* Exercise description: Every record gets copied exactly, and no picture goes with it.

* Data in this exercise:
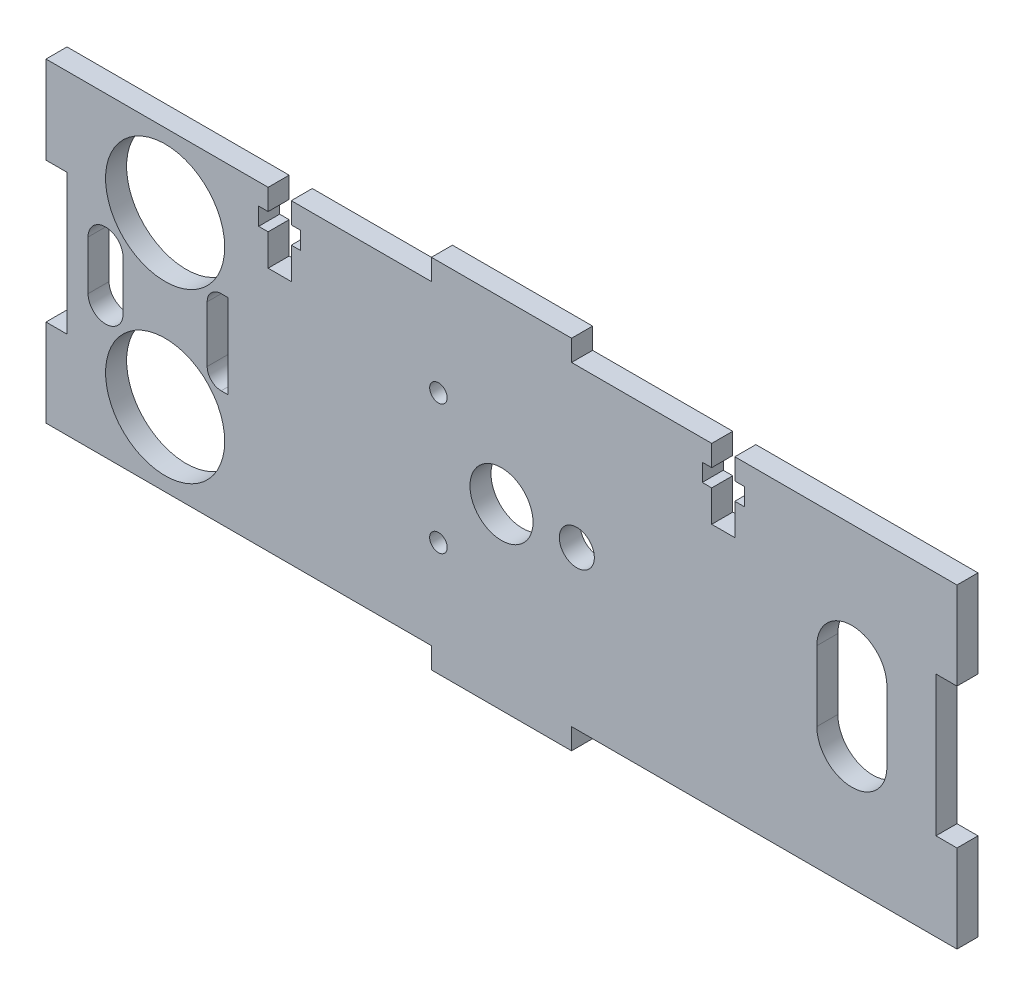
from build123d import *

# Parameters (mm, degrees)
SKETCH1_R           = 8.5
SKETCH1_R_2         = 4.5
SKETCH1_R_3         = 2.5
SKETCH1_R_4         = 1.25
BOSS_EXTRUDE1_DEPTH = 3


with BuildPart() as part:
    # Sketch1 → Boss-Extrude1 (new body)
    with BuildSketch(Plane.XY):
        Polygon((-10, -22.5), (-65, -22.5), (-65, -10), (-62, -10), (-62, 10), (-65, 10), (-65, 22.5), (-33.3, 22.5), (-33.3, 19.5), (-34.65, 19.5), (-34.65, 17), (-33.3, 17), (-33.3, 12.5), (-30, 12.5), (-30, 17), (-28.65, 17), (-28.65, 19.5), (-30, 19.5), (-30, 22.5), (-10, 22.5), (-10, 25.5), (10, 25.5), (10, 22.5), (30, 22.5), (30, 19.5), (28.65, 19.5), (28.65, 17), (30, 17), (30, 12.5), (33.3, 12.5), (33.3, 17), (34.65, 17), (34.65, 19.5), (33.3, 19.5), (33.3, 22.5), (65, 22.5), (65, 10), (62, 10), (62, -10), (65, -10), (65, -22.5), (10, -22.5), (10, -25.5), (-10, -25.5), align=None)
        with Locations((-48, 12)):
            Circle(SKETCH1_R, mode=Mode.SUBTRACT)
        with Locations((-48, -12)):
            Circle(SKETCH1_R, mode=Mode.SUBTRACT)
        Circle(SKETCH1_R_2, mode=Mode.SUBTRACT)
        with Locations((10.75, 0)):
            Circle(SKETCH1_R_3, mode=Mode.SUBTRACT)
        with Locations((-9, 9.25)):
            Circle(SKETCH1_R_4, mode=Mode.SUBTRACT)
        with Locations(Location((-9, -9.25, 0), (0, 0, 180))):
            Circle(SKETCH1_R_4, mode=Mode.SUBTRACT)
        with BuildLine():
            Line((-54, 3.5), (-54, -3.5))
            ThreePointArc((-54, -3.5), (-56.5, -6), (-59, -3.5))
            Line((-59, -3.5), (-59, 3.5))
            ThreePointArc((-59, 3.5), (-56.5, 6), (-54, 3.5))
        make_face(mode=Mode.SUBTRACT)
        with BuildLine():
            Line((-39, -6), (-40, -6))
            ThreePointArc((-40, -6), (-41.414213562, -5.414213562), (-42, -4))
            Line((-42, -4), (-42, 4))
            ThreePointArc((-42, 4), (-41.414213562, 5.414213562), (-40, 6))
            Line((-40, 6), (-39, 6))
            Line((-39, 6), (-39, -6))
        make_face(mode=Mode.SUBTRACT)
        with BuildLine():
            Line((45, -5), (45, 5))
            ThreePointArc((45, 5), (50, 10), (55, 5))
            Line((55, 5), (55, -5))
            ThreePointArc((55, -5), (50, -10), (45, -5))
        make_face(mode=Mode.SUBTRACT)
    extrude(amount=BOSS_EXTRUDE1_DEPTH)


solid = part.part

* Response:
from build123d import *

# Parameters (mm, degrees)
SKETCH1_R           = 8.5
SKETCH1_R_2         = 4.5
SKETCH1_R_3         = 2.5
SKETCH1_R_4         = 1.25
BOSS_EXTRUDE1_DEPTH = 3


with BuildPart() as part:
    # Sketch1 → Boss-Extrude1 (new body)
    with BuildSketch(Plane.XY):
        Polygon((-10, -22.5), (-65, -22.5), (-65, -10), (-62, -10), (-62, 10), (-65, 10), (-65, 22.5), (-33.3, 22.5), (-33.3, 19.5), (-34.65, 19.5), (-34.65, 17), (-33.3, 17), (-33.3, 12.5), (-30, 12.5), (-30, 17), (-28.65, 17), (-28.65, 19.5), (-30, 19.5), (-30, 22.5), (-10, 22.5), (-10, 25.5), (10, 25.5), (10, 22.5), (30, 22.5), (30, 19.5), (28.65, 19.5), (28.65, 17), (30, 17), (30, 12.5), (33.3, 12.5), (33.3, 17), (34.65, 17), (34.65, 19.5), (33.3, 19.5), (33.3, 22.5), (65, 22.5), (65, 10), (62, 10), (62, -10), (65, -10), (65, -22.5), (10, -22.5), (10, -25.5), (-10, -25.5), align=None)
        with Locations((-48, 12)):
            Circle(SKETCH1_R, mode=Mode.SUBTRACT)
        with Locations((-48, -12)):
            Circle(SKETCH1_R, mode=Mode.SUBTRACT)
        Circle(SKETCH1_R_2, mode=Mode.SUBTRACT)
        with Locations((10.75, 0)):
            Circle(SKETCH1_R_3, mode=Mode.SUBTRACT)
        with Locations((-9, 9.25)):
            Circle(SKETCH1_R_4, mode=Mode.SUBTRACT)
        with Locations(Location((-9, -9.25, 0), (0, 0, 180))):
            Circle(SKETCH1_R_4, mode=Mode.SUBTRACT)
        with BuildLine():
            Line((-54, 3.5), (-54, -3.5))
            ThreePointArc((-54, -3.5), (-56.5, -6), (-59, -3.5))
            Line((-59, -3.5), (-59, 3.5))
            ThreePointArc((-59, 3.5), (-56.5, 6), (-54, 3.5))
        make_face(mode=Mode.SUBTRACT)
        with BuildLine():
            Line((-39, -6), (-40, -6))
            ThreePointArc((-40, -6), (-41.414213562, -5.414213562), (-42, -4))
            Line((-42, -4), (-42, 4))
            ThreePointArc((-42, 4), (-41.414213562, 5.414213562), (-40, 6))
            Line((-40, 6), (-39, 6))
            Line((-39, 6), (-39, -6))
        make_face(mode=Mode.SUBTRACT)
        with BuildLine():
            Line((45, -5), (45, 5))
            ThreePointArc((45, 5), (50, 10), (55, 5))
            Line((55, 5), (55, -5))
            ThreePointArc((55, -5), (50, -10), (45, -5))
        make_face(mode=Mode.SUBTRACT)
    extrude(amount=BOSS_EXTRUDE1_DEPTH)


solid = part.part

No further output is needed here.